[Stored items]

########

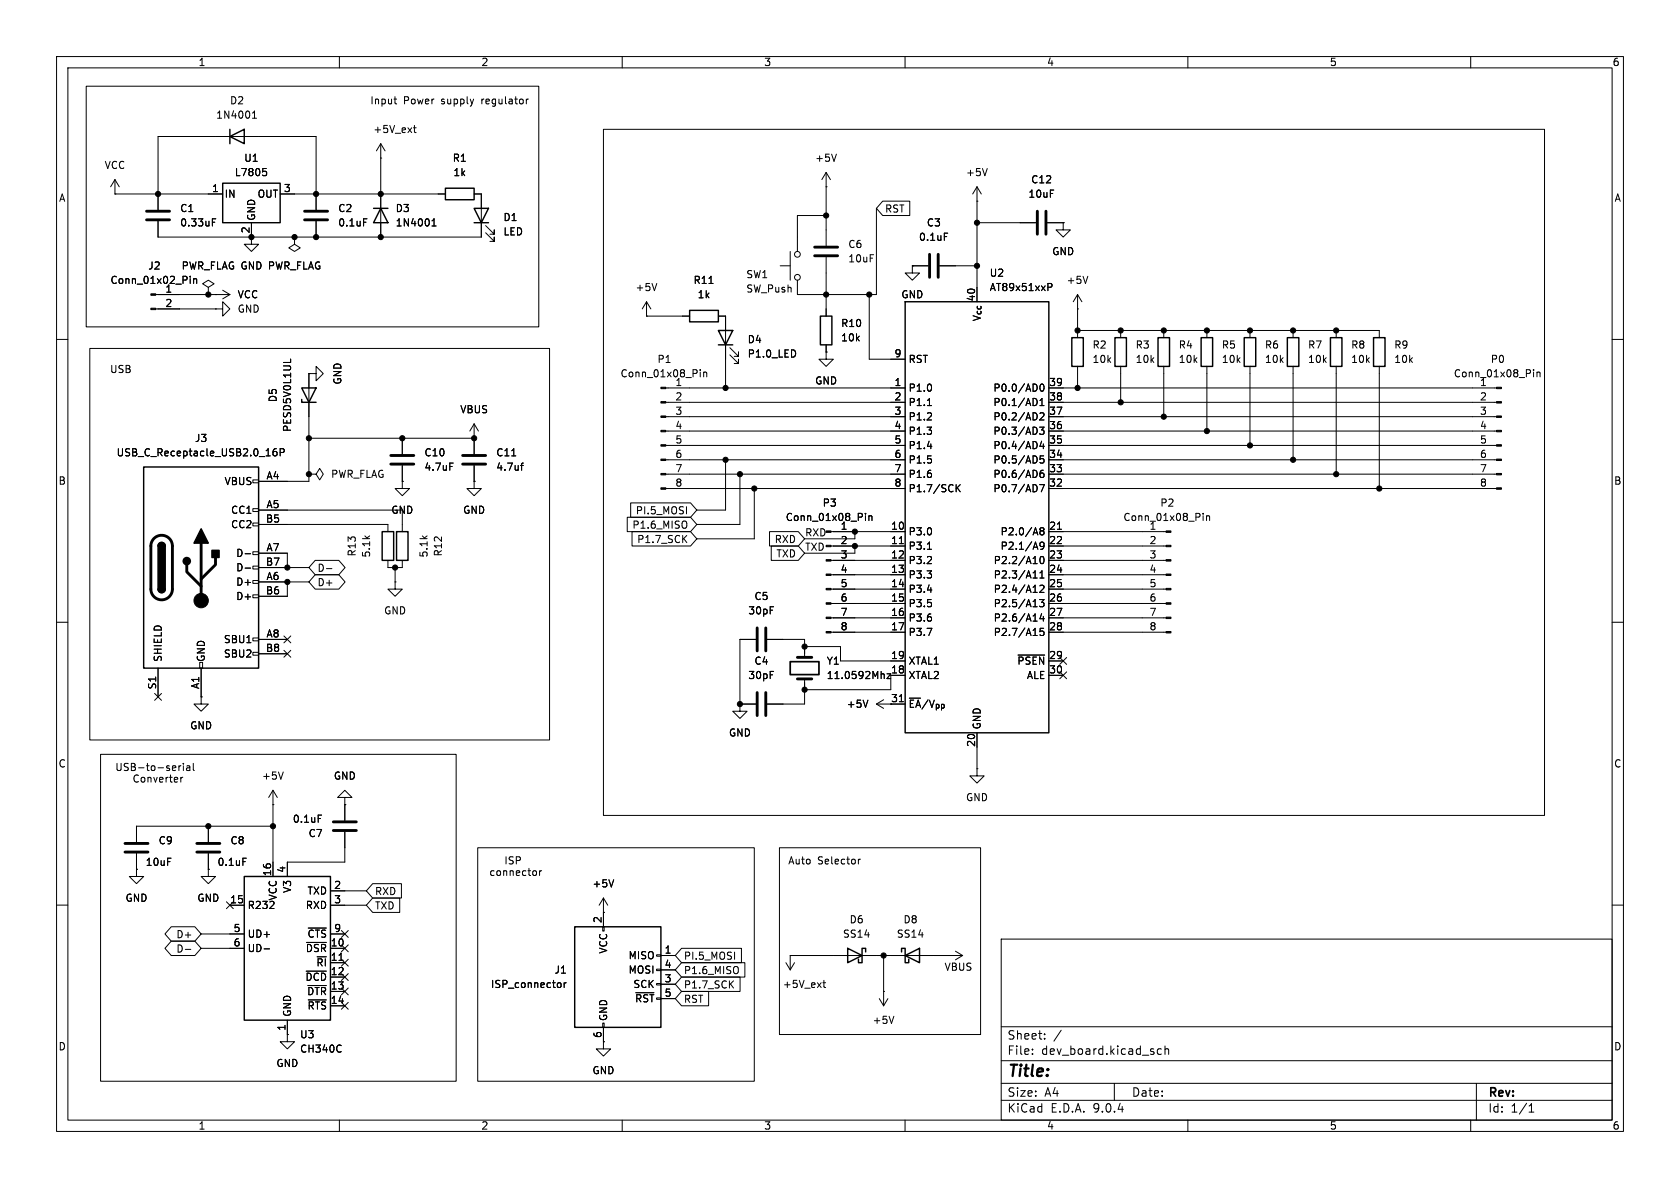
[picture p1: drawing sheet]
<svg xmlns="http://www.w3.org/2000/svg" width="297mm" height="210mm" viewBox="0 0 297 210" stroke-linecap="round" stroke-linejoin="round" font-family="sans-serif">
<g fill="none" stroke="#000" stroke-width=".18">
<path d="M10 10h277v190h-277zM12 12h273v186h-273zM15.2 15.2h80v42.6h-80zM44.6 20l.4-.4v1.3M60 10v2M69.6 17.5h.5M69.8 18.2l.3 .2M93 17.5v.9M93.4 17.5l-.4 .3M110 10v2M160 10v2M210 10v2"/>
<path d="M260 10v2M20.3 34.3h.1M20.3 34.3h19.1M20.3 31.8l-.7 1.2M20.3 31.8l.8 1.2M20.3 31.8v2.5M27.9 37.1v-13h28v13M37.5 38.7h.7M37.5 39.3h.5M44.4 39.4v3.8h1.3l-1.3 1.3-1.2-1.3h1.2M44.6 20.9h.8M46.5 29.8h.6"/>
<path d="M46.6 30.3h.3l.2 .2v.4l-.5 .2M49.5 34.3h29.2M55.9 39.1v2.8M64.3 38.7h.6M67.3 27.9h.1M67.3 25.4l-.8 1.3M67.3 25.4l.8 1.3M67.3 25.4v16.5M73.1 22.6h.5M73.3 22.2v1.1l.3 .1M76.4 39.9h.7M76.4 39l.3-.3v1.2"/>
<path d="M83.8 34.3h1.3v7.6h-57.2v-2.8M85.9 39.9l1.5 1.5v-.8v.8h-.8M106.7 22.9h166.3v121.2h-166.3zM146 33h.1M146 30.5v12.9M146 30.5l-.7 1.3M146 30.5l.8 1.3M146 38.1h-5v6.4M147.9 27.2l-.5 1.3M154.9 36.8v15.3h-13.9v-2.6M156.1 35.6h4.7v2.5h-4.7l-1.2-1.3zM172.7 35.6h.1"/>
<path d="M172.7 33v20.3M172.7 33l-.7 1.3M172.7 33l.8 1.3M172.7 39.4h10.4M174.5 29.8l-.4 1.3M185.2 39.4h2.8M188 39.4v1.2h-1.3l1.3 1.3 1.2-1.3h-1.2M188 39.4h.1M27.5 52.1h13.1M27.5 54.6h10.6M33.6 48.8v.2M33.6 49.3v.8"/>
<path d="M34.2 49.3v.8M34.2 49.4l.2-.1h.3l.1 .8M36.8 50.8l1-.6-1-.7-1 .7 1 .6v1.3M36.8 52.1h.1M38.1 54.6h1.3v-1.3l1.2 1.3-1.2 1.3v-1.3M38.1 54.6h.1M38.1 52.1h.1M39.4 51.3l1.2 .8M40.6 52.1l-1.2 .7M52.1 41.9v1.3l-1 .6 1 .7 1-.7-1-.6M52.1 41.9h.1M85.9 41.1l1.5 1.6v-.8v.8h-.8"/>
<path d="M114.3 55.9h.1M114.3 53.3l-.8 1.3M114.3 53.3l.8 1.3M114.3 53.3v2.6M114.3 55.9h7.6M116.1 50.1l-.4 1.3M125.3 50.1h.8M127 55.9h1.3v12.7M137.9 47h1.8M139.7 44.5v5M146 45.5v10.4M153.7 52.1v11.4h6.3"/>
<path d="M161.3 47v1.3h1.3l-1.3 1.2-1.3-1.2h1.3M161.3 47h.1M161.3 47h2.8M166.1 47h6.6M166.9 41.2h.6M185.3 50.1h.4l.3 .3-.1 .3-.6 .1M190.5 54.6h.1M190.5 52.1v7.6M190.5 52.1l-.8 1.2M190.5 52.1l.8 1.2M190.5 58.4h53.3v1.3M192.3 48.8l-.4 1.3"/>
<path d="M198.1 58.4v1.3M205.7 58.4v1.3M213.4 58.4v1.3M221 58.4v1.3M228.6 58.4v1.3M236.2 58.4v1.3M10 60h2M15.9 61.6h81.3v69.2h-81.3zM48.9 79.3l-.4 .1a.86 .86 0 0 0 0 1.2l.4-.1 .1-.5-.3-.2h-.2l-.2 .2M49.5 80l.6-.1 .2-.2-.1-.3-.7-.1v1.3M51.4 63.5v.6M54.6 66h1.3v-1.2l1.2 1.2-1.2 1.3v-1.3"/>
<path d="M54.6 66h.1M54.6 66v19.1h-8.9M54.6 77.5h29.2M71.1 77.5v2.8M83.8 77.5h.1M83.8 74.9v5.4M83.8 74.9l-.7 1.3M83.8 74.9l.8 1.3M117.7 68.6h42.3M117.7 71.1h42.3M117.7 73.7h42.3M117.7 76.2h42.3"/>
<path d="M117.7 78.7h42.3M123.8 65.3v.2M123.8 65.8v.8M124.4 65.9l.2-.1h.3v.8M124.4 65.8v.8M129 62.7l1.6 1.6v-.8v.8h-.8M129 61.5l1.6 1.5v-.8v.8h-.8M146 62.2v1.3h1.3l-1.3 1.3-1.2-1.3h1.2M146 62.2h.1M146 61v1.2M164 71.7h.7M164 78.9h.7"/>
<path d="M183.3 70.7v.7M183.8 75.5h.8l-.5 .5 .4 .1v.6l-.2 .1-.5-.1M183.8 71.7h.8M183.8 73.1l.5-.1 .3 .3-.8 .9h.8M183.8 70.8l.4-.4v1.3M184 68l.1-.1a.68 .68 0 0 1 .5 .6 .68 .68 0 0 1-.5 .7l-.1-.2-.2-.3zM184.1 78l-.3 .9h.8M184.4 78.5v.8M185.4 68.6h79.2M185.4 71.1h79.2M185.4 73.7h79.2M185.4 76.2h79.2"/>
<path d="M185.4 78.7h79.2M190.5 64.8v3.8M198.1 64.8v6.3M205.7 64.8v8.9M213.4 64.8v11.4M221 64.8v13.9M228.6 64.8v16.5M236.2 64.8v19M243.8 64.8v21.6M271.1 65.3v.2M271.1 65.8v.8M271.7 65.8v.8"/>
<path d="M271.7 65.9l.2-.1h.3l.1 .8M285 60h2M43.3 97.9h1M44.7 84.8h1v.5h-1zM44.7 89.9h1v.5h-1zM44.7 92.5h1v.5h-1zM44.7 97.5h1v.5h-1zM45.7 90.2h25.4v3.8M45.7 92.7h22.9v1.3M45.7 97.8h5.1v2.5M54.6 83.8h1.3l.6 1 .6-1-.6-1-.6 1M54.6 83.8h.1"/>
<path d="M55.7 99.1h4.2l1.1 1.2-1.1 1.3h-4.2l-1.1-1.3zM68.6 99.1v1.2h2.5v-1.2M71.1 85.1v1.3h1.3l-1.3 1.2-1.3-1.2h1.3M71.1 85.1h.1M71.1 82.3v2.8M79.5 81.9h.6M83.8 85.1v1.3h1.3l-1.3 1.2-1.3-1.2h1.3M83.8 85.1h.1M83.8 82.3v2.8M90.5 80.6h.7M92 82.3h.5M92.5 81.9l-.3 .1v1.1"/>
<path d="M110.9 91.4h11.2l1.1 1.3-1.1 1.3h-11.2zM111.5 88.9h10.6l1.1 1.3-1.1 1.2h-10.6zM111.7 94h10.4l1.1 1.3-1.1 1.2h-10.4zM117.7 81.3h42.3M117.7 83.8h42.3M117.7 86.4h42.3M120.9 95.2l.5 .7M121.4 92.3v.9M121.4 94.7l-.7 .7M128.3 81.3v8.9h-5.1M130.8 83.8v8.9h-7.6M133.3 86.4v8.9h-10.1"/>
<path d="M136 94h5.1l1.1 1.3-1.1 1.2h-5.1zM136.3 96.5h4.8l1.1 1.3-1.1 1.3h-4.8zM146.9 94h13.1M146.9 96.5h13.1M146.9 99.1h13.1M151.1 96.5v1.3h-8.9M151.1 94v1.3h-8.9M153 90.7v.2M153 91.2v.8M153.6 91.3l.2-.1h.3l.1 .8M153.6 91.2v.8M159 96.1h.7"/>
<path d="M164 97.1h.7M169 85.7v1.2M169.2 86.2l.6 .7M169.8 85.7l-.8 .7M183.8 85.7h.8l-.5 1.2M184 98.5l.1-.1a.68 .68 0 0 1 .5 .6 .68 .68 0 0 1-.5 .6l-.1-.1-.2-.3zM184.1 93.8l-.3-.2 .3-.3h.2l.3 .2-.3 .3M184.1 93.8l-.3 .3 .1 .3 .2 .2 .3-.1 .2-.2v-.2l-.3-.3M184.1 93.8h.2M184.4 83.1l-.3 .1a.86 .86 0 0 0 0 1.2l.4-.1 .1-.4-.3-.3-.3 .1-.2 .2M184.5 80.6h-.6l-.1 .6 .2-.1h.4l.2 .2-.1 .4-.2 .2-.5-.2M184.6 96.4l-.3 .2h-.3l-.2-.2 .2-.5 .3-.1 .2 .2a.84 .84 0 0 1-.3 1.1h-.2"/>
<path d="M185.4 81.3h79.2M185.4 83.8h79.2M185.4 86.4h79.2M185.4 94h20.7M185.4 96.5h20.7M185.4 99.1h20.7M186.9 93.6h.8M212.7 90.7v.2M212.7 91.2v.8M213.3 91.2v.8M213.3 91.3l.2-.1h.3v.8M10 110h2"/>
<path d="M27.9 118.1v5.1M35.3 117.1h.5v1h-.5zM35.6 118.1v5.1M43.3 100.4h1M44.7 100.1h1v.5h-1zM44.7 102.6h1v.5h-1zM44.7 105.2h1v.5h-1zM44.7 112.8h1v.5h-1zM44.7 115.3h1v.5h-1zM45.7 100.3h8.9M45.7 102.9h8.9M45.7 113h5.1"/>
<path d="M45.7 115.6h5.1M50.2 112.4l1.2 1.2M50.2 115l1.2 1.2M50.8 102.9v2.5h-5.1M51.4 112.4l-1.2 1.2M51.4 115l-1.2 1.2M55.7 101.6h4.2l1.1 1.3-1.1 1.2h-4.2l-1.1-1.2zM57.7 100.5h1M69.8 102.9v1.2h1.3l-1.3 1.3-1.2-1.3h1.2M69.8 102.9h.1M69.8 100.3v2.6M133.6 113h-2.8v11.5"/>
<path d="M135.6 113h6.6v3.2M142.2 114.3h6.4v2.5h11.4M146.9 101.6h13.1M146.9 104.1h13.1M146.9 106.7h13.1M146.9 109.2h13.1M146.9 111.8h13.1M156.8 119.1h.7l-.7 .9h.7M160 119.4h-2.5v2.5h-15.3M163.9 111.1h.8l-.5 1.2M164 104.3h.7M180 115.8h4.7"/>
<path d="M182.6 102.2h.8M183.8 106h.8l-.5 .5 .4 .1v.5l-.2 .2-.5-.2M183.8 103.6l.5-.2 .3 .4-.8 .9h.8M183.8 101.3l.4-.4v1.3M183.8 102.2h.8M184.1 108.5l-.3 .9h.8M184.4 109v.8M184.5 111.1h-.6l-.1 .6 .2-.1h.4l.2 .2-.1 .4-.2 .1-.5-.1M185.4 101.6h20.7M185.4 104.1h20.7M185.4 106.7h20.7M185.4 109.2h20.7"/>
<path d="M185.4 111.8h20.7M185.4 116.8h2.6M185.4 119.4h2.6M187.4 118.8l1.2 1.2M187.4 116.2l1.2 1.2M188.6 118.8l-1.2 1.2M188.6 116.2l-1.2 1.2M285 110h2M17.8 133.4h62.8v57.7h-62.8zM27.3 122.6l1.2 1.2M28.5 122.6l-1.2 1.2M31.6 135.4v.8"/>
<path d="M32 137.4v.9M32 135.4l-.4 .2M32.3 137.4l-.3 .3M32.4 134.9v.2M32.4 135.4v.8M33 135.4h.5l.1 .8M33.6 135.7h-.5l-.1 .2 .1 .3h.5M34.2 134.9v1.1l.2 .2M35.6 123.2v1.3h-1.3l1.3 1.2 1.2-1.2h-1.2M35.6 123.2h.1M48.3 139.7v15.2M48.3 139.7l-.8 1.3"/>
<path d="M48.3 139.7l.7 1.3M50.1 136.5l-.4 1.2M130.8 124.5v1.2h1.3l-1.3 1.3-1.3-1.3h1.3M130.8 124.5h.1M130.8 124.5h2.8M142.2 120v4.5h-6.6M153.4 123.8l-.4 1.2M154.9 124.5l1.3 .7M154.9 124.5h5.1M156.2 123.7l-1.3 .8M159 124h.7M172.7 135.9v1.3h1.3l-1.3 1.2-1.3-1.2h1.3"/>
<path d="M172.7 135.9h.1M172.7 129.5v6.4M24.1 153.7v1.2h1.3l-1.3 1.3-1.2-1.3h1.2M24.1 153.7h.1M24.1 150.9v2.8M36.8 153.7v1.2h1.3l-1.3 1.3-1.2-1.3h1.2M36.8 153.7h.1M36.8 146.1v2.7M36.8 150.9v2.8M40 159.4l1.2 1.2M41.2 159.4l-1.2 1.2M42.9 151.7h.6"/>
<path d="M48.3 142.2h.1M48.3 146.1h-24.2v2.7M56.3 144.1h.6M58.4 157.5h6.4M61 141h1.2l-1.2-1.3-1.3 1.3h1.3v1.2M61 142.2h.1M61 147.1v5.3h-10.2v2.5M61 142.2v2.8M65.9 156.2h5.1v2.6h-5.1l-1.1-1.3zM65.9 158.7h4.8v2.6h-4.8l-1.1-1.3zM84.5 149.9h48.8v41.2h-48.8zM94.7 154l.1 .2-.1 .5"/>
<path d="M95.4 153.9v.9M95.8 153.9l-.4 .3M106.7 158.8v5M106.7 158.8l-.8 1.2M106.7 158.8l.7 1.2M108.5 155.5l-.4 1.3M137.8 149.9h35.6v33h-35.6zM151.8 151.9v.8M152.1 151.9l-.3 .2M10 160h2M30.3 166.4h4.1l1.2 1.2-1.2 1.3h-4.1l-1.1-1.3zM30.3 163.8h4.1l1.2 1.3-1.2 1.3h-4.1l-1.1-1.3z"/>
<path d="M32.8 167.8h.9M35.6 165.1h7.6M35.6 167.6h7.6M40.6 160h2.6M46.7 167.7h1M54.1 171.7h3.6M54.2 166.6h3.5M54.4 174.2h3.3M54.5 164.1h3.2M54.5 176.8h3.2M58.4 160h6.4M58.4 165.1h2.6"/>
<path d="M58.4 167.6h2.6M58.4 170.2h2.6M58.4 172.7h2.6M58.4 175.3h2.6M58.4 177.8h2.6M59.9 169.8h.8M60.4 164.5l1.2 1.2M60.4 167l1.2 1.2M60.4 172.1l1.2 1.2M60.4 169.6l1.2 1.2M60.4 174.7l1.2 1.2M60.4 177.2l1.2 1.2"/>
<path d="M61.6 164.5l-1.2 1.2M61.6 167l-1.2 1.2M61.6 172.1l-1.2 1.2M61.6 169.6l-1.2 1.2M61.6 174.7l-1.2 1.2M61.6 177.2l-1.2 1.2M98.8 173.7l.3 .1 .1 .2-.1 .4-.3 .2M99.7 173.7v.9M100.1 173.7l-.4 .3M106.6 163.8h.2v.8h-.2zM106.7 161.3h.1M112.4 175.5h3.2"/>
<path d="M116.1 168.8h.7v.2h-.7zM116.1 171.3h.7v.3h-.7zM116.1 173.9h.7v.2h-.7zM116.8 168.9h2.6M116.8 171.5h2.6M116.8 174h2.6M116.8 176.5h2.6M120.5 175.3h4.8v2.5h-4.8l-1.1-1.3zM120.5 167.6h10.6v2.6h-10.6l-1.1-1.3zM120.5 172.7h10.3v2.6h-10.3l-1.1-1.3zM120.5 170.2h11.2v2.5h-11.2l-1.1-1.2zM130.5 171v.9"/>
<path d="M138.9 170.2l.8 1.3M139.7 168.9h.1M139.7 168.9h30.5M139.7 168.9v2.6M140.5 170.2l-.8 1.3M145.5 173.7h.5M145.7 173.3v1.1l.3 .2M155.4 176.5l.8 1.3M156.2 175.3h.1M156.2 168.9v8.9M157 176.5l-.8 1.3M158 179.6l-.4 1.3"/>
<path d="M167.6 168.9h.1M168.9 168.1l1.3 .8M170.2 168.9l-1.3 .8M177 166h108v32h-108zM285 160h2M50.8 182.9v1.3h1.3l-1.3 1.2-1.3-1.2h1.3M50.8 182.9h.1M50.8 180.3v2.6M60 198v2M60.3 184.8v.1M60.3 185.9h.1M106.6 180.8h.2v.8h-.2z"/>
<path d="M106.7 184.2v1.2h1.2l-1.2 1.3-1.3-1.3h1.3M106.7 184.2h.1M106.7 181.6v2.6M110 198v2M160 198v2M177 194.5h108M177 191.5h108M177 187.5h108M177 181.5h108M182.5 186.3v.1M182.5 185.5v.1M184.7 183.6v.1"/>
<path d="M184.7 182.8v.1M187.6 182.1l-1.3 2M197 191.5v3M205.3 185.5l-.4-.1-.3 .3v.4l.1 .2h.6M206 185.5l.2-.1 .3 .1 .1 .9M206 184.9v1.5M210 198v2M260 198v2M261 191.5v6.5M270.3 196.6h.9M270.3 195.5l.4-.4v1.5"/>
<circle cx="141" cy="49" r=".51"/>
<circle cx="141" cy="45" r=".51"/>
</g>
<g fill="none" stroke="#000" stroke-width=".51">
<path d="M25.9 37.3h4.1M25.9 38.9h4.1M53.8 37.3h4.1M53.8 38.9h4.1M183.4 37.3v4.1M184.9 37.3v4.1M144 43.7h4.1M144 45.2h4.1M164.3 45v4M165.9 45v4M27.2 95.2a1.9 1.9 0 0 1 2.1-.4 1.9 1.9 0 0 1 1.2 1.7v7.6a1.91 1.91 0 0 1-1.9 1.9 1.91 1.91 0 0 1-1.9-1.9v-7.7l.1-.7zM33 99.8v1.3l2.6 2.5"/>
<path d="M35.6 96v10.2M38.1 98.6v1.2l-2.5 2.6M69.1 80.5h4.1M69.1 82h4.1M81.8 80.5h4.1M81.8 82h4.1M133.9 111v4.1M135.4 111v4.1M141 116.2h2.5M133.9 122.4v4.1M135.4 122.4v4.1M141 120h2.5"/>
<path d="M22.1 149.1h4.1M22.1 150.6h4.1M34.8 149.1h4.1M34.8 150.6h4.1M58.9 146.8h4.1M58.9 145.3h4.1"/>
</g>
<g fill="#000" stroke="#000" stroke-width=".18">
<path d="M26.7 51.9h.8v.3h-.8zM26.7 54.5h.8v.2h-.8zM116.8 68.5h.9v.2h-.9zM116.8 71h.9v.2h-.9zM116.8 73.5h.9v.3h-.9zM116.8 76.1h.9v.2h-.9zM116.8 78.6h.9v.3h-.9zM264.6 68.5h.8v.2h-.8zM264.6 71h.8v.2h-.8zM264.6 73.5h.8v.3h-.8zM264.6 76.1h.8v.2h-.8zM264.6 78.6h.8v.3h-.8z"/>
<path d="M116.8 81.2h.9v.2h-.9zM116.8 83.7h.9v.2h-.9zM116.8 86.2h.9v.3h-.9zM146 93.9h.9v.2h-.9zM146 96.4h.9v.2h-.9zM146 98.9h.9v.3h-.9zM206.1 93.9h.9v.2h-.9zM206.1 96.4h.9v.2h-.9zM206.1 98.9h.9v.3h-.9zM264.6 81.2h.8v.2h-.8zM264.6 83.7h.8v.2h-.8zM264.6 86.2h.8v.3h-.8z"/>
<path d="M146 101.5h.9v.2h-.9zM146 104h.9v.3h-.9zM146 106.6h.9v.2h-.9zM146 109.1h.9v.2h-.9zM146 111.6h.9v.3h-.9zM206.1 101.5h.9v.2h-.9zM206.1 104h.9v.3h-.9zM206.1 106.6h.9v.2h-.9zM206.1 109.1h.9v.2h-.9zM206.1 111.6h.9v.3h-.9z"/>
<circle cx="27.9" cy="34.3" r=".46"/>
<circle cx="55.9" cy="34.3" r=".46"/>
<circle cx="67.3" cy="34.3" r=".46"/>
<circle cx="146" cy="38.1" r=".46"/>
<circle cx="172.7" cy="39.4" r=".46"/>
<circle cx="36.8" cy="52.1" r=".46"/>
<circle cx="44.4" cy="41.9" r=".46"/>
<circle cx="52.1" cy="41.9" r=".46"/>
<circle cx="55.9" cy="41.9" r=".46"/>
<circle cx="67.3" cy="41.9" r=".46"/>
<circle cx="146" cy="52.1" r=".46"/>
<circle cx="153.7" cy="52.1" r=".46"/>
<circle cx="172.7" cy="47" r=".46"/>
<circle cx="190.5" cy="58.4" r=".46"/>
<circle cx="198.1" cy="58.4" r=".46"/>
<circle cx="205.7" cy="58.4" r=".46"/>
<circle cx="213.4" cy="58.4" r=".46"/>
<circle cx="221" cy="58.4" r=".46"/>
<circle cx="228.6" cy="58.4" r=".46"/>
<circle cx="236.2" cy="58.4" r=".46"/>
<circle cx="54.6" cy="77.5" r=".46"/>
<circle cx="71.1" cy="77.5" r=".46"/>
<circle cx="83.8" cy="77.5" r=".46"/>
<circle cx="128.3" cy="68.6" r=".46"/>
<circle cx="190.5" cy="68.6" r=".46"/>
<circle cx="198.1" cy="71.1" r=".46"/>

########

# PROBLEM
Set down, from the entries above, exactly the lines from the one with "37.3h4.1M25.9 38.9h4.1M53.8 37.3h4.1M53.8" up to and including the one with "96v10.2M38.1 98.6v1.2l-2.5 2.6M69.1", and no other lines.

# SOLUTION
<path d="M25.9 37.3h4.1M25.9 38.9h4.1M53.8 37.3h4.1M53.8 38.9h4.1M183.4 37.3v4.1M184.9 37.3v4.1M144 43.7h4.1M144 45.2h4.1M164.3 45v4M165.9 45v4M27.2 95.2a1.9 1.9 0 0 1 2.1-.4 1.9 1.9 0 0 1 1.2 1.7v7.6a1.91 1.91 0 0 1-1.9 1.9 1.91 1.91 0 0 1-1.9-1.9v-7.7l.1-.7zM33 99.8v1.3l2.6 2.5"/>
<path d="M35.6 96v10.2M38.1 98.6v1.2l-2.5 2.6M69.1 80.5h4.1M69.1 82h4.1M81.8 80.5h4.1M81.8 82h4.1M133.9 111v4.1M135.4 111v4.1M141 116.2h2.5M133.9 122.4v4.1M135.4 122.4v4.1M141 120h2.5"/>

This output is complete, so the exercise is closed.